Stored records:
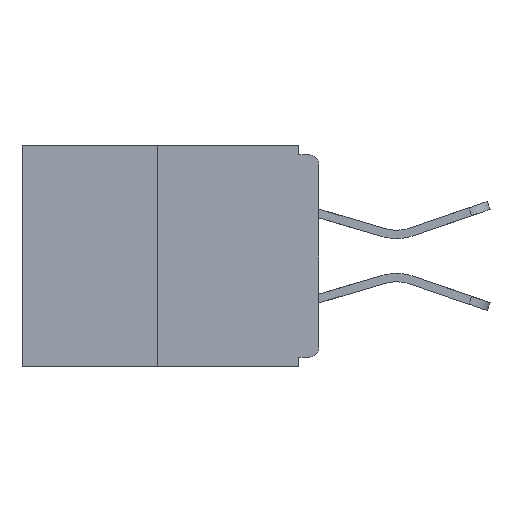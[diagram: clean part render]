
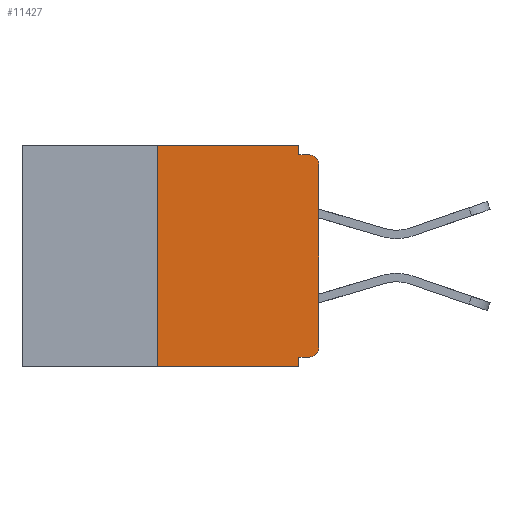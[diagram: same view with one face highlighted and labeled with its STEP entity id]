
A CAD part, left-side view. The second image highlights one B-rep face of the part: STEP entity #11427.
In plain terms, the highlighted planar face has unit normal (-1, 0, 0).
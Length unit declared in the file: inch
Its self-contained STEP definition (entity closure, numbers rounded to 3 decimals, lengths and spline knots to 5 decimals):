
#107 = VECTOR ( 'NONE', #7670, 39.37008 ) ;
#409 = VERTEX_POINT ( 'NONE', #15569 ) ;
#592 = CARTESIAN_POINT ( 'NONE',  ( 0., 0.031, -0.328 ) ) ;
#746 = DIRECTION ( 'NONE',  ( 0., -1., 0. ) ) ;
#1285 = CARTESIAN_POINT ( 'NONE',  ( 0., 0., -0.015 ) ) ;
#1551 = LINE ( 'NONE', #4420, #9061 ) ;
#1631 = FACE_OUTER_BOUND ( 'NONE', #15533, .T. ) ;
#1824 = VECTOR ( 'NONE', #6042, 39.37008 ) ;
#1983 = DIRECTION ( 'NONE',  ( 0., 0., -1. ) ) ;
#2029 = EDGE_CURVE ( 'NONE', #6592, #18800, #13222, .T. ) ;
#2368 = ORIENTED_EDGE ( 'NONE', *, *, #14541, .T. ) ;
#2516 = DIRECTION ( 'NONE',  ( -1., 0., 0. ) ) ;
#2606 = EDGE_CURVE ( 'NONE', #8097, #13336, #1551, .T. ) ;
#2752 = AXIS2_PLACEMENT_3D ( 'NONE', #11865, #2516, #14719 ) ;
#2773 = DIRECTION ( 'NONE',  ( 0., 0., 1. ) ) ;
#2797 = VERTEX_POINT ( 'NONE', #3875 ) ;
#2963 = CIRCLE ( 'NONE', #6672, 0.015 ) ;
#3875 = CARTESIAN_POINT ( 'NONE',  ( 0., 0.25, 0. ) ) ;
#4314 = ORIENTED_EDGE ( 'NONE', *, *, #12653, .F. ) ;
#4420 = CARTESIAN_POINT ( 'NONE',  ( 0., 0., -0.328 ) ) ;
#5596 = DIRECTION ( 'NONE',  ( 0., 0., -1. ) ) ;
#5668 = ORIENTED_EDGE ( 'NONE', *, *, #13982, .F. ) ;
#6042 = DIRECTION ( 'NONE',  ( 0., 0., -1. ) ) ;
#6216 = CIRCLE ( 'NONE', #2752, 0.015 ) ;
#6592 = VERTEX_POINT ( 'NONE', #8459 ) ;
#6672 = AXIS2_PLACEMENT_3D ( 'NONE', #15354, #16957, #12325 ) ;
#7051 = VECTOR ( 'NONE', #11698, 39.37008 ) ;
#7240 = EDGE_CURVE ( 'NONE', #9380, #2797, #7882, .T. ) ;
#7248 = ORIENTED_EDGE ( 'NONE', *, *, #12248, .T. ) ;
#7323 = LINE ( 'NONE', #1285, #10512 ) ;
#7670 = DIRECTION ( 'NONE',  ( 0., 0., 1. ) ) ;
#7882 = LINE ( 'NONE', #18591, #107 ) ;
#8097 = VERTEX_POINT ( 'NONE', #17648 ) ;
#8459 = CARTESIAN_POINT ( 'NONE',  ( 0., 0., -0.313 ) ) ;
#8615 = DIRECTION ( 'NONE',  ( 1., 0., 0. ) ) ;
#9061 = VECTOR ( 'NONE', #17041, 39.37008 ) ;
#9180 = EDGE_CURVE ( 'NONE', #2797, #10215, #15837, .T. ) ;
#9380 = VERTEX_POINT ( 'NONE', #18120 ) ;
#10215 = VERTEX_POINT ( 'NONE', #12199 ) ;
#10512 = VECTOR ( 'NONE', #12095, 39.37008 ) ;
#11166 = ORIENTED_EDGE ( 'NONE', *, *, #9180, .F. ) ;
#11296 = VERTEX_POINT ( 'NONE', #18190 ) ;
#11427 = ADVANCED_FACE ( 'NONE', ( #1631 ), #17907, .F. ) ;
#11698 = DIRECTION ( 'NONE',  ( 0., -1., 0. ) ) ;
#11805 = LINE ( 'NONE', #16374, #12565 ) ;
#11847 = AXIS2_PLACEMENT_3D ( 'NONE', #16366, #8615, #5596 ) ;
#11859 = CARTESIAN_POINT ( 'NONE',  ( 0., 0.031, 0. ) ) ;
#11865 = CARTESIAN_POINT ( 'NONE',  ( 0., 0.015, -0.313 ) ) ;
#11987 = EDGE_CURVE ( 'NONE', #9380, #409, #11805, .T. ) ;
#12095 = DIRECTION ( 'NONE',  ( 0., -1., 0. ) ) ;
#12199 = CARTESIAN_POINT ( 'NONE',  ( 0., 0.031, 0. ) ) ;
#12248 = EDGE_CURVE ( 'NONE', #8097, #6592, #6216, .T. ) ;
#12325 = DIRECTION ( 'NONE',  ( 0., 0., -1. ) ) ;
#12565 = VECTOR ( 'NONE', #746, 39.37008 ) ;
#12653 = EDGE_CURVE ( 'NONE', #13336, #409, #17656, .T. ) ;
#12885 = EDGE_CURVE ( 'NONE', #10215, #11296, #19572, .T. ) ;
#12974 = VECTOR ( 'NONE', #2773, 39.37008 ) ;
#13079 = ORIENTED_EDGE ( 'NONE', *, *, #11987, .T. ) ;
#13222 = LINE ( 'NONE', #15106, #12974 ) ;
#13336 = VERTEX_POINT ( 'NONE', #592 ) ;
#13982 = EDGE_CURVE ( 'NONE', #11296, #19750, #7323, .T. ) ;
#14348 = CARTESIAN_POINT ( 'NONE',  ( 0., 0., -0.03 ) ) ;
#14541 = EDGE_CURVE ( 'NONE', #18800, #19750, #2963, .T. ) ;
#14689 = VECTOR ( 'NONE', #1983, 39.37008 ) ;
#14719 = DIRECTION ( 'NONE',  ( 0., 0., -1. ) ) ;
#14742 = CARTESIAN_POINT ( 'NONE',  ( 0., 0.46, 0. ) ) ;
#15106 = CARTESIAN_POINT ( 'NONE',  ( 0., 0., 0. ) ) ;
#15354 = CARTESIAN_POINT ( 'NONE',  ( 0., 0.015, -0.03 ) ) ;
#15533 = EDGE_LOOP ( 'NONE', ( #11166, #19455, #13079, #4314, #17997, #7248, #18024, #2368, #5668, #16016 ) ) ;
#15569 = CARTESIAN_POINT ( 'NONE',  ( 0., 0.031, -0.343 ) ) ;
#15837 = LINE ( 'NONE', #14742, #7051 ) ;
#16016 = ORIENTED_EDGE ( 'NONE', *, *, #12885, .F. ) ;
#16279 = CARTESIAN_POINT ( 'NONE',  ( 0., 0.015, -0.015 ) ) ;
#16366 = CARTESIAN_POINT ( 'NONE',  ( 0., 0.46, 0. ) ) ;
#16374 = CARTESIAN_POINT ( 'NONE',  ( 0., 0.46, -0.343 ) ) ;
#16957 = DIRECTION ( 'NONE',  ( -1., 0., 0. ) ) ;
#17041 = DIRECTION ( 'NONE',  ( 0., 1., 0. ) ) ;
#17429 = CARTESIAN_POINT ( 'NONE',  ( 0., 0.031, -0.343 ) ) ;
#17648 = CARTESIAN_POINT ( 'NONE',  ( 0., 0.015, -0.328 ) ) ;
#17656 = LINE ( 'NONE', #17429, #14689 ) ;
#17907 = PLANE ( 'NONE',  #11847 ) ;
#17997 = ORIENTED_EDGE ( 'NONE', *, *, #2606, .F. ) ;
#18024 = ORIENTED_EDGE ( 'NONE', *, *, #2029, .T. ) ;
#18120 = CARTESIAN_POINT ( 'NONE',  ( 0., 0.25, -0.343 ) ) ;
#18190 = CARTESIAN_POINT ( 'NONE',  ( 0., 0.031, -0.015 ) ) ;
#18591 = CARTESIAN_POINT ( 'NONE',  ( 0., 0.25, 0. ) ) ;
#18800 = VERTEX_POINT ( 'NONE', #14348 ) ;
#19455 = ORIENTED_EDGE ( 'NONE', *, *, #7240, .F. ) ;
#19572 = LINE ( 'NONE', #11859, #1824 ) ;
#19750 = VERTEX_POINT ( 'NONE', #16279 ) ;

Problem statement>
Send back an exact copy of only the lines from the line with "#13336 = VERTEX_POINT ( 'NONE', #592 ) ;" up to and including the line with "#16957 = DIRECTION" in the data above.

Answer for the task>
#13336 = VERTEX_POINT ( 'NONE', #592 ) ;
#13982 = EDGE_CURVE ( 'NONE', #11296, #19750, #7323, .T. ) ;
#14348 = CARTESIAN_POINT ( 'NONE',  ( 0., 0., -0.03 ) ) ;
#14541 = EDGE_CURVE ( 'NONE', #18800, #19750, #2963, .T. ) ;
#14689 = VECTOR ( 'NONE', #1983, 39.37008 ) ;
#14719 = DIRECTION ( 'NONE',  ( 0., 0., -1. ) ) ;
#14742 = CARTESIAN_POINT ( 'NONE',  ( 0., 0.46, 0. ) ) ;
#15106 = CARTESIAN_POINT ( 'NONE',  ( 0., 0., 0. ) ) ;
#15354 = CARTESIAN_POINT ( 'NONE',  ( 0., 0.015, -0.03 ) ) ;
#15533 = EDGE_LOOP ( 'NONE', ( #11166, #19455, #13079, #4314, #17997, #7248, #18024, #2368, #5668, #16016 ) ) ;
#15569 = CARTESIAN_POINT ( 'NONE',  ( 0., 0.031, -0.343 ) ) ;
#15837 = LINE ( 'NONE', #14742, #7051 ) ;
#16016 = ORIENTED_EDGE ( 'NONE', *, *, #12885, .F. ) ;
#16279 = CARTESIAN_POINT ( 'NONE',  ( 0., 0.015, -0.015 ) ) ;
#16366 = CARTESIAN_POINT ( 'NONE',  ( 0., 0.46, 0. ) ) ;
#16374 = CARTESIAN_POINT ( 'NONE',  ( 0., 0.46, -0.343 ) ) ;
#16957 = DIRECTION ( 'NONE',  ( -1., 0., 0. ) ) ;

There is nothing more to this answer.